We can learn from history. 'The author has spent about half of his adult life in his native
Austria, in close touch with German intellectual life, and the other half in the United
States and England. In the latter period he has become increasingly convinced that at
least some of the forces which have destroyed freedom in Germany are also at work here
and that the character and the source of this danger are, if possible, even less understood
than they were in Germany. The supreme tragedy is still not seen that in Germany it was
largely people of good will, men who were admired and held up as models in the
democratic countries, who prepared the way for, if they did not actualy create, the forces
which now stand for everything they detest. Yet our chance of averting a similar fate
depends on our facing the danger and on our being prepared to revise even our most
cherished hopes and ambitions if they should prove to be the source of the danger.'
I. The Abandoned Road
A program whose basic thesis is, not that the system of free enterprise for profit
has failed in this generation, but that it has not yet been tried.-- F. D. Roosevelt.
The road was individual freedom, which did well in England and spread eastward up
through the nineteenth century.

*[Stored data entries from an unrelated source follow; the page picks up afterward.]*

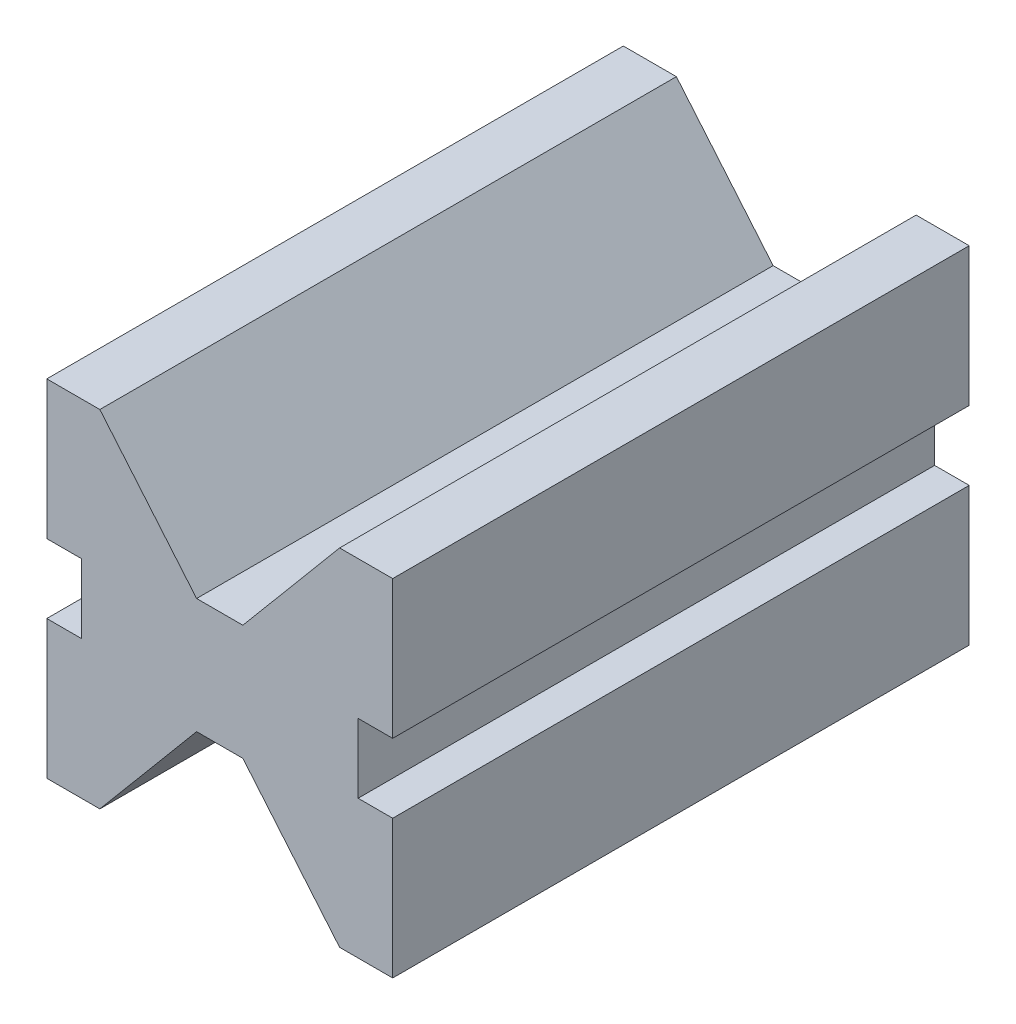
from build123d import *

# Parameters (mm, degrees)
BOSS_EXTRUDE1_DEPTH = 50


with BuildPart() as part:
    # Sketch2 → Boss-Extrude1 (new, symmetric)
    with BuildSketch(Plane.XY):
        Polygon((-30, 30), (-30, 6), (-24, 6), (-24, -6), (-30, -6), (-30, -30), (-20.794701987, -30), (-4.012709363, -10), (4.012709363, -10), (20.794701987, -30), (30, -30), (30, -6), (24, -6), (24, 6), (30, 6), (30, 30), (20.794701987, 30), (4.012709363, 10), (-4.012709363, 10), (-20.794701987, 30), align=None)
    extrude(amount=BOSS_EXTRUDE1_DEPTH, both=True)


solid = part.part

It got abandoned for socialism, which gained strength in
Germany and spread out in the twentieth century. Hayek sees England following this
abandonment - just trailing Germany and Russia.
XVI. Conclusion
This book does not attempt to sketch a detailed program for the future - something that is
probably not practical. 'The important thing now is that we shall come to agree on certain
principles and free ourselves from some of the errors which have governed us in the
recent past.'
'The guiding principle that a policy of freedom for the individual is the only truly
progressive policy remains as true today as it was in the nineteenth century.'
Bibliographical Note
This book is too short to describe more than some aspects of its point of view, so here are
some recent works that can be useful in providing a common ground; also three that aid
in understanding the enemy point of view; also references to the great political
philosophers of the liberal age and, farther back, The Federalist papers.